Глава при этом обе ладони прижал к груди, и смотрит на меня так искренне, что мне стало очень, очень, и очень стыдно. Просто мерзко от самой себя. «После всего, что вы для меня сделали»! Знал бы он,
– Сударыня, – мягко продолжал глава, – Если вы испытываете стеснение от того, что помогли тогда моей Малене с родами… Ну, когда она от наемника рожала…
Зыркаю глазами в сторону чародея. Вот, паразит! Ну, хуже бабы ведь, ей богу!
Или это легендарная мужская солидарность?
Гневно так на него таращусь, а он стоит с совершенно невозмутимым видом и руками разводит – мол, а что вы от меня хотите, сударыня? Я там тоже был и слова молчать никому не давал.
– Сударь, – как же стыдно смотреть главе в глаза!

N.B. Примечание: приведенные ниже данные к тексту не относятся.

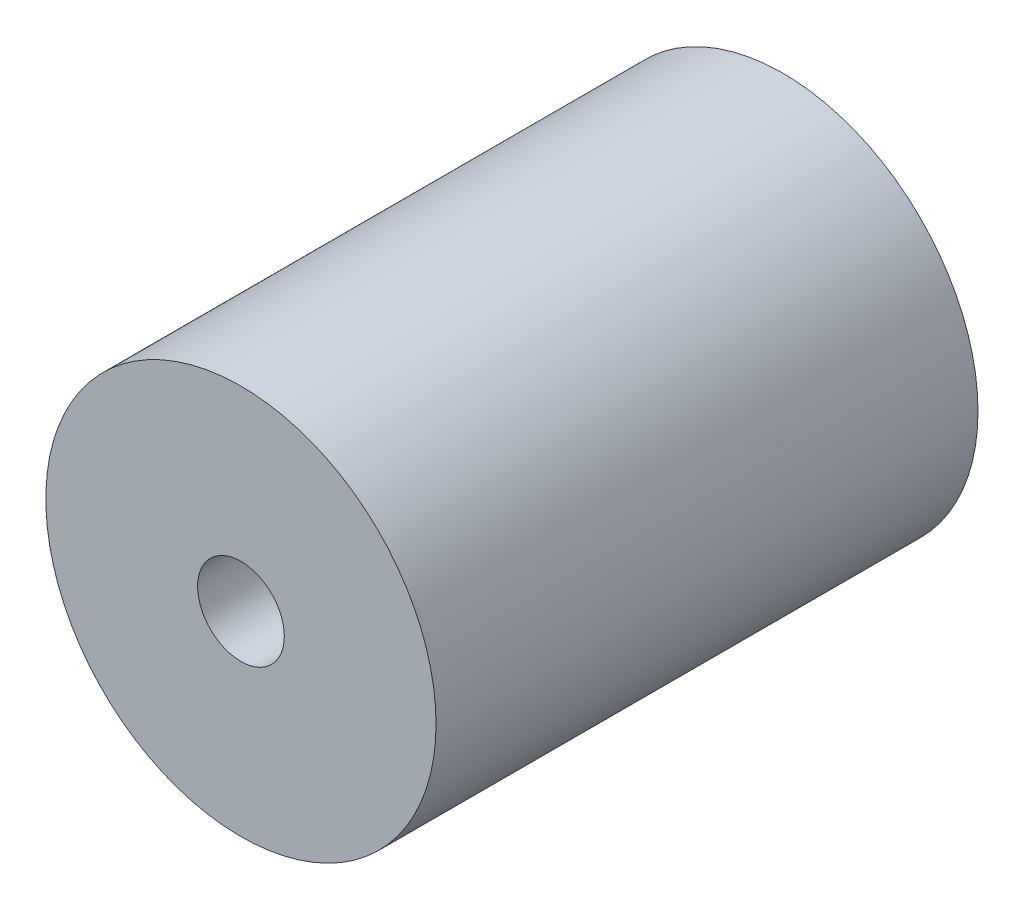
ISO-10303-21;
HEADER;
FILE_DESCRIPTION(('STEP AP214'),'2;1');
FILE_NAME('part.step','',(''),(''),'','','');
FILE_SCHEMA(('AUTOMOTIVE_DESIGN { 1 0 10303 214 1 1 1 1 }'));
ENDSEC;
DATA;
#1=APPLICATION_CONTEXT('core data for automotive mechanical design processes');
#2=APPLICATION_PROTOCOL_DEFINITION('international standard','automotive_design',2000,#1);
#3=PRODUCT_CONTEXT('',#1,'mechanical');
#4=PRODUCT('Part','Part','',(#3));
#5=PRODUCT_RELATED_PRODUCT_CATEGORY('part','',(#4));
#6=PRODUCT_DEFINITION_FORMATION('','',#4);
#7=PRODUCT_DEFINITION_CONTEXT('part definition',#1,'design');
#8=PRODUCT_DEFINITION('design','',#6,#7);
#9=PRODUCT_DEFINITION_SHAPE('','',#8);
#10=(LENGTH_UNIT() NAMED_UNIT(*) SI_UNIT(.MILLI.,.METRE.));
#11=(NAMED_UNIT(*) PLANE_ANGLE_UNIT() SI_UNIT($,.RADIAN.));
#12=(NAMED_UNIT(*) SI_UNIT($,.STERADIAN.) SOLID_ANGLE_UNIT());
#13=UNCERTAINTY_MEASURE_WITH_UNIT(LENGTH_MEASURE(1.E-05),#10,'distance_accuracy_value','');
#14=(GEOMETRIC_REPRESENTATION_CONTEXT(3) GLOBAL_UNCERTAINTY_ASSIGNED_CONTEXT((#13)) GLOBAL_UNIT_ASSIGNED_CONTEXT((#10,
#11,#12)) REPRESENTATION_CONTEXT('',''));
#15=CARTESIAN_POINT('',(0.,0.,0.));
#16=DIRECTION('',(0.,0.,1.));
#17=DIRECTION('',(1.,0.,0.));
#18=AXIS2_PLACEMENT_3D('',#15,#16,#17);
#19=CARTESIAN_POINT('',(0.,0.,12.5));
#20=DIRECTION('',(0.,0.,-1.));
#21=DIRECTION('',(-1.,0.,0.));
#22=AXIS2_PLACEMENT_3D('',#19,#20,#21);
#23=CYLINDRICAL_SURFACE('',#22,9.);
#24=CARTESIAN_POINT('',(0.,0.,12.5));
#25=DIRECTION('',(0.,0.,1.));
#26=DIRECTION('',(1.,0.,0.));
#27=AXIS2_PLACEMENT_3D('',#24,#25,#26);
#28=CIRCLE('',#27,9.);
#29=CARTESIAN_POINT('',(9.,0.,12.5));
#30=VERTEX_POINT('',#29);
#31=EDGE_CURVE('E10',#30,#30,#28,.T.);
#32=ORIENTED_EDGE('',*,*,#31,.F.);
#33=EDGE_LOOP('',(#32));
#34=FACE_BOUND('',#33,.T.);
#35=CARTESIAN_POINT('',(0.,0.,-12.5));
#36=DIRECTION('',(0.,0.,1.));
#37=DIRECTION('',(1.,0.,0.));
#38=AXIS2_PLACEMENT_3D('',#35,#36,#37);
#39=CIRCLE('',#38,9.);
#40=CARTESIAN_POINT('',(9.,0.,-12.5));
#41=VERTEX_POINT('',#40);
#42=EDGE_CURVE('E38',#41,#41,#39,.T.);
#43=ORIENTED_EDGE('',*,*,#42,.T.);
#44=EDGE_LOOP('',(#43));
#45=FACE_BOUND('',#44,.T.);
#46=ADVANCED_FACE('F35',(#34,#45),#23,.T.);
#47=CARTESIAN_POINT('',(0.,0.,12.5));
#48=DIRECTION('',(0.,0.,1.));
#49=DIRECTION('',(1.,0.,0.));
#50=AXIS2_PLACEMENT_3D('',#47,#48,#49);
#51=PLANE('',#50);
#52=CARTESIAN_POINT('',(0.,0.,12.5));
#53=DIRECTION('',(0.,0.,1.));
#54=DIRECTION('',(1.,0.,0.));
#55=AXIS2_PLACEMENT_3D('',#52,#53,#54);
#56=CIRCLE('',#55,2.);
#57=CARTESIAN_POINT('',(2.,0.,12.5));
#58=VERTEX_POINT('',#57);
#59=EDGE_CURVE('E45',#58,#58,#56,.T.);
#60=ORIENTED_EDGE('',*,*,#59,.F.);
#61=EDGE_LOOP('',(#60));
#62=FACE_BOUND('',#61,.T.);
#63=ORIENTED_EDGE('',*,*,#31,.T.);
#64=EDGE_LOOP('',(#63));
#65=FACE_BOUND('',#64,.T.);
#66=ADVANCED_FACE('F66',(#62,#65),#51,.T.);
#67=CARTESIAN_POINT('',(0.,0.,-12.5));
#68=DIRECTION('',(0.,0.,1.));
#69=DIRECTION('',(1.,0.,0.));
#70=AXIS2_PLACEMENT_3D('',#67,#68,#69);
#71=PLANE('',#70);
#72=CARTESIAN_POINT('',(0.,0.,-12.5));
#73=DIRECTION('',(0.,0.,-1.));
#74=DIRECTION('',(-1.,0.,0.));
#75=AXIS2_PLACEMENT_3D('',#72,#73,#74);
#76=CIRCLE('',#75,4.);
#77=CARTESIAN_POINT('',(-4.,0.,-12.5));
#78=VERTEX_POINT('',#77);
#79=EDGE_CURVE('E55',#78,#78,#76,.T.);
#80=ORIENTED_EDGE('',*,*,#79,.F.);
#81=EDGE_LOOP('',(#80));
#82=FACE_BOUND('',#81,.T.);
#83=ORIENTED_EDGE('',*,*,#42,.F.);
#84=EDGE_LOOP('',(#83));
#85=FACE_BOUND('',#84,.T.);
#86=ADVANCED_FACE('F62',(#82,#85),#71,.F.);
#87=CARTESIAN_POINT('',(0.,0.,-5.65685424949238));
#88=DIRECTION('',(0.,0.,1.));
#89=DIRECTION('',(1.,0.,0.));
#90=AXIS2_PLACEMENT_3D('',#87,#88,#89);
#91=CYLINDRICAL_SURFACE('',#90,2.);
#92=CARTESIAN_POINT('',(0.,0.,0.));
#93=DIRECTION('',(0.,0.,1.));
#94=DIRECTION('',(1.,0.,0.));
#95=AXIS2_PLACEMENT_3D('',#92,#93,#94);
#96=CIRCLE('',#95,2.);
#97=CARTESIAN_POINT('',(2.,0.,0.));
#98=VERTEX_POINT('',#97);
#99=EDGE_CURVE('E47',#98,#98,#96,.F.);
#100=ORIENTED_EDGE('',*,*,#99,.T.);
#101=EDGE_LOOP('',(#100));
#102=FACE_BOUND('',#101,.T.);
#103=ORIENTED_EDGE('',*,*,#59,.T.);
#104=EDGE_LOOP('',(#103));
#105=FACE_BOUND('',#104,.T.);
#106=ADVANCED_FACE('F65',(#102,#105),#91,.F.);
#107=CARTESIAN_POINT('',(0.,0.,0.));
#108=DIRECTION('',(0.,0.,1.));
#109=DIRECTION('',(1.,0.,0.));
#110=AXIS2_PLACEMENT_3D('',#107,#108,#109);
#111=PLANE('',#110);
#112=CARTESIAN_POINT('',(0.,0.,0.));
#113=DIRECTION('',(0.,0.,1.));
#114=DIRECTION('',(1.,0.,0.));
#115=AXIS2_PLACEMENT_3D('',#112,#113,#114);
#116=CIRCLE('',#115,4.);
#117=CARTESIAN_POINT('',(4.,0.,0.));
#118=VERTEX_POINT('',#117);
#119=EDGE_CURVE('E50',#118,#118,#116,.F.);
#120=ORIENTED_EDGE('',*,*,#119,.T.);
#121=EDGE_LOOP('',(#120));
#122=FACE_BOUND('',#121,.T.);
#123=ORIENTED_EDGE('',*,*,#99,.F.);
#124=EDGE_LOOP('',(#123));
#125=FACE_BOUND('',#124,.T.);
#126=ADVANCED_FACE('F82',(#122,#125),#111,.F.);
#127=CARTESIAN_POINT('',(0.,0.,11.3137084989848));
#128=DIRECTION('',(0.,0.,-1.));
#129=DIRECTION('',(-1.,0.,0.));
#130=AXIS2_PLACEMENT_3D('',#127,#128,#129);
#131=CYLINDRICAL_SURFACE('',#130,4.);
#132=ORIENTED_EDGE('',*,*,#79,.T.);
#133=EDGE_LOOP('',(#132));
#134=FACE_BOUND('',#133,.T.);
#135=ORIENTED_EDGE('',*,*,#119,.F.);
#136=EDGE_LOOP('',(#135));
#137=FACE_BOUND('',#136,.T.);
#138=ADVANCED_FACE('F59',(#134,#137),#131,.F.);
#139=CLOSED_SHELL('',(#46,#66,#86,#106,#126,#138));
#140=MANIFOLD_SOLID_BREP('B2',#139);
#141=ADVANCED_BREP_SHAPE_REPRESENTATION('',(#18,#140),#14);
#142=SHAPE_DEFINITION_REPRESENTATION(#9,#141);
ENDSEC;
END-ISO-10303-21;
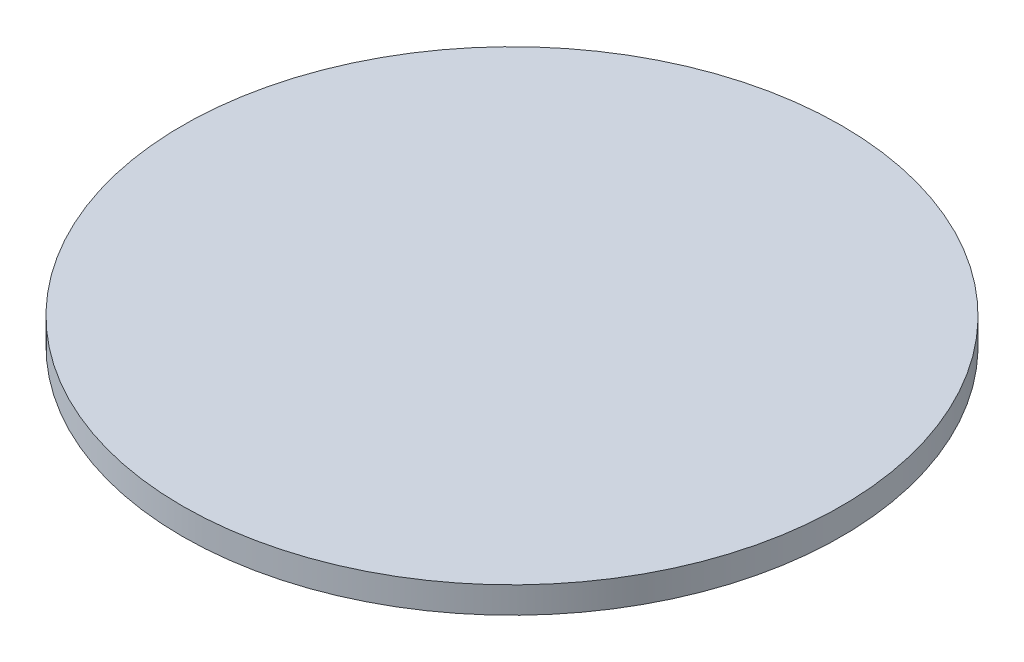
ISO-10303-21;
HEADER;
FILE_DESCRIPTION(('STEP AP214'),'2;1');
FILE_NAME('part.step','',(''),(''),'','','');
FILE_SCHEMA(('AUTOMOTIVE_DESIGN { 1 0 10303 214 1 1 1 1 }'));
ENDSEC;
DATA;
#1=APPLICATION_CONTEXT('core data for automotive mechanical design processes');
#2=APPLICATION_PROTOCOL_DEFINITION('international standard','automotive_design',2000,#1);
#3=PRODUCT_CONTEXT('',#1,'mechanical');
#4=PRODUCT('Part','Part','',(#3));
#5=PRODUCT_RELATED_PRODUCT_CATEGORY('part','',(#4));
#6=PRODUCT_DEFINITION_FORMATION('','',#4);
#7=PRODUCT_DEFINITION_CONTEXT('part definition',#1,'design');
#8=PRODUCT_DEFINITION('design','',#6,#7);
#9=PRODUCT_DEFINITION_SHAPE('','',#8);
#10=(LENGTH_UNIT() NAMED_UNIT(*) SI_UNIT(.MILLI.,.METRE.));
#11=(NAMED_UNIT(*) PLANE_ANGLE_UNIT() SI_UNIT($,.RADIAN.));
#12=(NAMED_UNIT(*) SI_UNIT($,.STERADIAN.) SOLID_ANGLE_UNIT());
#13=UNCERTAINTY_MEASURE_WITH_UNIT(LENGTH_MEASURE(1.E-05),#10,'distance_accuracy_value','');
#14=(GEOMETRIC_REPRESENTATION_CONTEXT(3) GLOBAL_UNCERTAINTY_ASSIGNED_CONTEXT((#13)) GLOBAL_UNIT_ASSIGNED_CONTEXT((#10,
#11,#12)) REPRESENTATION_CONTEXT('',''));
#15=CARTESIAN_POINT('',(0.,0.,0.));
#16=DIRECTION('',(0.,0.,1.));
#17=DIRECTION('',(1.,0.,0.));
#18=AXIS2_PLACEMENT_3D('',#15,#16,#17);
#19=CARTESIAN_POINT('',(0.,2.,0.));
#20=DIRECTION('',(0.,-1.,0.));
#21=DIRECTION('',(0.,0.,-1.));
#22=AXIS2_PLACEMENT_3D('',#19,#20,#21);
#23=CYLINDRICAL_SURFACE('',#22,25.);
#24=CARTESIAN_POINT('',(0.,2.,0.));
#25=DIRECTION('',(0.,1.,0.));
#26=DIRECTION('',(0.,0.,1.));
#27=AXIS2_PLACEMENT_3D('',#24,#25,#26);
#28=CIRCLE('',#27,25.);
#29=CARTESIAN_POINT('',(0.,2.,25.));
#30=VERTEX_POINT('',#29);
#31=EDGE_CURVE('E10',#30,#30,#28,.T.);
#32=ORIENTED_EDGE('',*,*,#31,.F.);
#33=EDGE_LOOP('',(#32));
#34=FACE_BOUND('',#33,.T.);
#35=CARTESIAN_POINT('',(0.,0.,0.));
#36=DIRECTION('',(0.,1.,0.));
#37=DIRECTION('',(0.,0.,1.));
#38=AXIS2_PLACEMENT_3D('',#35,#36,#37);
#39=CIRCLE('',#38,25.);
#40=CARTESIAN_POINT('',(0.,0.,25.));
#41=VERTEX_POINT('',#40);
#42=EDGE_CURVE('E40',#41,#41,#39,.T.);
#43=ORIENTED_EDGE('',*,*,#42,.T.);
#44=EDGE_LOOP('',(#43));
#45=FACE_BOUND('',#44,.T.);
#46=ADVANCED_FACE('F37',(#34,#45),#23,.T.);
#47=CARTESIAN_POINT('',(0.,2.,0.));
#48=DIRECTION('',(0.,1.,0.));
#49=DIRECTION('',(0.,0.,1.));
#50=AXIS2_PLACEMENT_3D('',#47,#48,#49);
#51=PLANE('',#50);
#52=ORIENTED_EDGE('',*,*,#31,.T.);
#53=EDGE_LOOP('',(#52));
#54=FACE_BOUND('',#53,.T.);
#55=ADVANCED_FACE('F54',(#54),#51,.T.);
#56=CARTESIAN_POINT('',(0.,0.,0.));
#57=DIRECTION('',(0.,1.,0.));
#58=DIRECTION('',(0.,0.,1.));
#59=AXIS2_PLACEMENT_3D('',#56,#57,#58);
#60=PLANE('',#59);
#61=ORIENTED_EDGE('',*,*,#42,.F.);
#62=EDGE_LOOP('',(#61));
#63=FACE_BOUND('',#62,.T.);
#64=ADVANCED_FACE('F52',(#63),#60,.F.);
#65=CLOSED_SHELL('',(#46,#55,#64));
#66=MANIFOLD_SOLID_BREP('B2',#65);
#67=ADVANCED_BREP_SHAPE_REPRESENTATION('',(#18,#66),#14);
#68=SHAPE_DEFINITION_REPRESENTATION(#9,#67);
ENDSEC;
END-ISO-10303-21;

– Сударыня, – перебил меня этот крупный, добрый, похожий на медведя человек. Не стесняясь, уселся на край моей кровати и взял за руку. И нет в этом жесте ничего предосудительного. Так подсаживается к дочери отец, чтоб пожелать спокойной ночи или спросить, как у нее прошел день. Или узнать планы на завтра. В общем, в жесте этого большого мужчины, когда он взял мою, все еще слабую руку в свои огромные ладони, столько нежности и тепла было, что я как будто почувствовала себя опять маленькой непоседливой девочкой. Девочкой, которую вот так же брал за руку папенька, когда хотел, чтобы она его услышала. Мне наверно повезло – мой отец ни разу не повысил на меня голос. А на последствия так скажем, неправомерных «воспитательных» действий я насмотрелась в селянских избах… Только став взрослой, по достоинству оценила мудрость и справедливость собственных родителей. Впрочем, не зря ведуны – это элита.
Глава, тем временем, продолжал:
– Сударыня, – повторил он, с отцовской теплотой глядя на меня, – Я и вправду вам благодарен за то, что спасли тогда жизнь моей Малене. И тому, ну, ребенку, – он хмуро потупил глаза, только на один миг, – Я рад, что вы не позволили совершиться непоправимому.
Мужчина задумался, а я молчала, потрясенная.
– Малена подарила мне маленького Игрека, – наконец сказал он, – И вы сохранили для ребенка и отца, и мать, – Хориус вздохнул. Внезапно создалось впечатление, что в его душе что-то оборвалось.
– Я знаю, что она никогда не вернется, – глухо сказал он, и, отвернувшись, спрятал лицо в своих огромных ладонях.
И в следующий миг мне плевать было, что я тут лежу в одной рубашке, а этот Хориус мужчина, причем едва знакомый, и даже не родственник, плевать. Йагиня не может пройти мимо страждущего – а этот мужчина уже здоров, здоров, как бык, но душу его ест такая тоска, что смотреть страшно.